─── Material provided

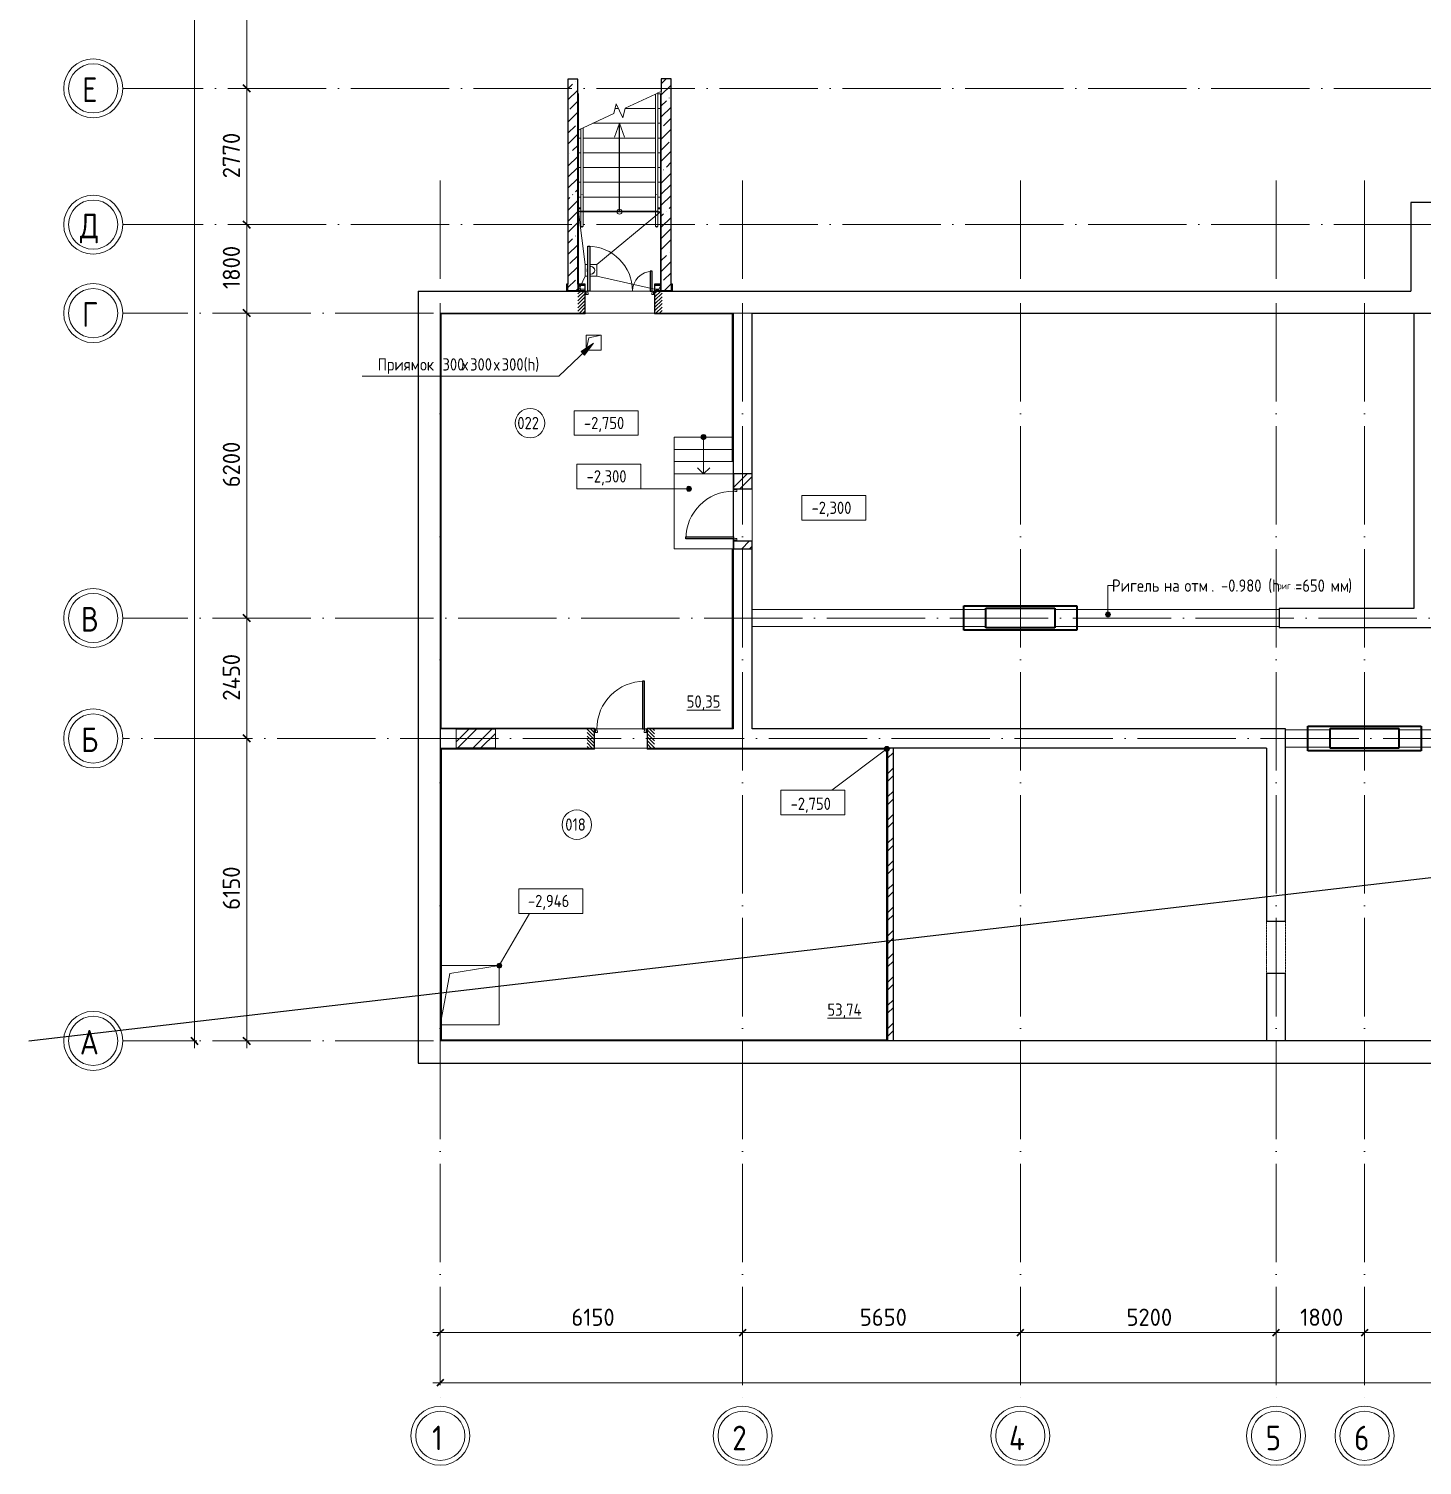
# Model space of a CAD drawing. Header units: millimetres. Extents: x -695119 to 412940, y -249585 to 622758.
# Drawn here: x -160631 to -132283, y -72169 to -42955 of the extents above; entities that cross this region are included whole.
import ezdxf

# ---------------------------------------------------------------- set-up
doc = ezdxf.new("R2010")
doc.units = ezdxf.units.MM
for name, pattern in [('ADSK_Линия сетки', [25, 20, -2.5, 0, -2.5]), ('ADSK_Сверху', [450, 300, -150]), ('ADSK_Штриховая_ш2 п1_5', [4.5, 3, -1.5]), ('Сверху', [3.96875, 2.38125, -1.5875])]:
    doc.linetypes.add(name, pattern=pattern)
for name, color, linetype, lineweight in [('_Схема', 5, 'Continuous', 30), ('Аннотация', 252, 'Continuous', 18), ('Двери', 8, 'Continuous', 9), ('Лестницы', 8, 'Continuous', 9), ('Линии', 7, 'Continuous', 9), ('Марки помещений', 8, 'Continuous', 20), ('Несущие колонны', 252, 'Continuous', 18), ('Ограждение', 8, 'Continuous', 9), ('Оси', 252, 'Continuous', 9), ('Отметки', 252, 'Continuous', 9), ('Перекрытие', 252, 'Continuous', 18), ('Размеры', 7, 'Continuous', 9), ('Сантехника', 252, 'Continuous', 18), ('Стены наружные', 252, 'Continuous', 18), ('Стены штриховка', 7, 'Continuous', 9), ('Стрелки вверх', 7, 'Continuous', 18)]:
    doc.layers.add(name, color=color, linetype=linetype, lineweight=lineweight)
doc.layers.add('Узлы', color=7, linetype='Continuous')
doc.styles.add('GOST Common', font='', dxfattribs={"width": 0.9, "height": 500})
doc.styles.add('GOST Common_1', font='', dxfattribs={"height": 250})
doc.styles.add('GOST Common_2', font='', dxfattribs={"width": 0.9, "height": 250})
doc.styles.add('GOST Common_3', font='', dxfattribs={"height": 3.5})
doc.styles.get('GOST Common').set_extended_font_data('GOST type B')
doc.styles.get('GOST Common_1').set_extended_font_data('GOST type B')
doc.styles.get('GOST Common_2').set_extended_font_data('GOST type B')
doc.styles.get('GOST Common_3').set_extended_font_data('GOST type B')
pattern_1 = [(0, (-243394.2, -138174), (0, 600), []), (90, (-243394.2, -138174), (-600, 4e-14), [])]

# ---------------------------------------------------------------- blocks, each defined once
blk = doc.blocks.new('подвал')
at = {"layer": 'Аннотация', "lineweight": 20, "true_color": 0x636466}
blk.add_hatch(color=251, dxfattribs=at).paths.add_polyline_path([(-223791, -131675), (-224046, -131842), (-223973, -131919)])
at = {"layer": 'Аннотация', "lineweight": 9, "true_color": 0x636466}
h = blk.add_hatch(color=251, dxfattribs=at)
edge = h.paths.add_edge_path()
edge.add_arc((-213327, -137191), 50, 0, 360)
at = {"layer": 'Двери', "lineweight": 18, "true_color": 0x636466}
h = blk.add_hatch(dxfattribs=at)
h.set_pattern_fill('FP_1', color=251, style=0, pattern_type=2)
h.set_pattern_definition([(45, (-223253.98, -130839.13), (-35.3553, 35.3553), [])])
h.paths.add_polyline_path([(-222399, -131064), (-222399, -130614), (-222549, -130614), (-222549, -131064)])
h.paths.add_polyline_path([(-223959, -131064), (-223959, -130614), (-224109, -130614), (-224109, -131064)])
h = blk.add_hatch(dxfattribs=at)
h.set_pattern_fill('FP_21', color=251, angle=180, style=0, pattern_type=2)
h.set_pattern_definition([(135, (-223238.98, -139714.13), (35.3553, 35.3553), [])])
h.paths.add_polyline_path([(-223924, -139909), (-223774, -139909), (-223774, -139519), (-223924, -139519)])
h.paths.add_polyline_path([(-222554, -139909), (-222554, -139519), (-222704, -139519), (-222704, -139909)])
at = {"layer": 'Ограждение', "true_color": 0x636466}
h = blk.add_hatch(dxfattribs=at)
h.set_pattern_fill('FP_34', color=251, style=0, pattern_type=2)
h.set_pattern_definition(pattern_1)
h.paths.add_polyline_path([(-226894, -145849), (-226884, -145839), (-226884, -139934), (-226894, -139924), (-226894, -144070)])
h = blk.add_hatch(dxfattribs=at)
h.set_pattern_fill('FP_34', color=251, style=0, pattern_type=2)
h.set_pattern_definition(pattern_1)
h.paths.add_polyline_path([(-223774, -139934), (-223774, -139924), (-226894, -139924), (-226884, -139934), (-225176, -139934)])
h = blk.add_hatch(dxfattribs=at)
h.set_pattern_fill('FP_34', color=251, style=0, pattern_type=2)
h.set_pattern_definition(pattern_1)
h.paths.add_polyline_path([(-222704, -139934), (-217834, -139934), (-217824, -139924), (-222704, -139924)])
h = blk.add_hatch(dxfattribs=at)
h.set_pattern_fill('FP_34', color=251, style=0, pattern_type=2)
h.set_pattern_definition(pattern_1)
h.paths.add_polyline_path([(-217824, -145849), (-217824, -139924), (-217834, -139934), (-217834, -145839)])
h = blk.add_hatch(dxfattribs=at)
h.set_pattern_fill('FP_34', color=251, style=0, pattern_type=2)
h.set_pattern_definition(pattern_1)
h.paths.add_polyline_path([(-217824, -145849), (-217834, -145839), (-226884, -145839), (-226894, -145849), (-220654, -145849)])
at = {"layer": 'Отметки', "true_color": 0x636466}
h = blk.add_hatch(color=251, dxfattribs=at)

──────

Please reproduce exactly and only the lines from the first line of the records through the line containing "doc.linetypes.add(name, pattern=pattern)", both included, omitting any pictures.

→ Output
# Model space of a CAD drawing. Header units: millimetres. Extents: x -695119 to 412940, y -249585 to 622758.
# Drawn here: x -160631 to -132283, y -72169 to -42955 of the extents above; entities that cross this region are included whole.
import ezdxf

# ---------------------------------------------------------------- set-up
doc = ezdxf.new("R2010")
doc.units = ezdxf.units.MM
for name, pattern in [('ADSK_Линия сетки', [25, 20, -2.5, 0, -2.5]), ('ADSK_Сверху', [450, 300, -150]), ('ADSK_Штриховая_ш2 п1_5', [4.5, 3, -1.5]), ('Сверху', [3.96875, 2.38125, -1.5875])]:
    doc.linetypes.add(name, pattern=pattern)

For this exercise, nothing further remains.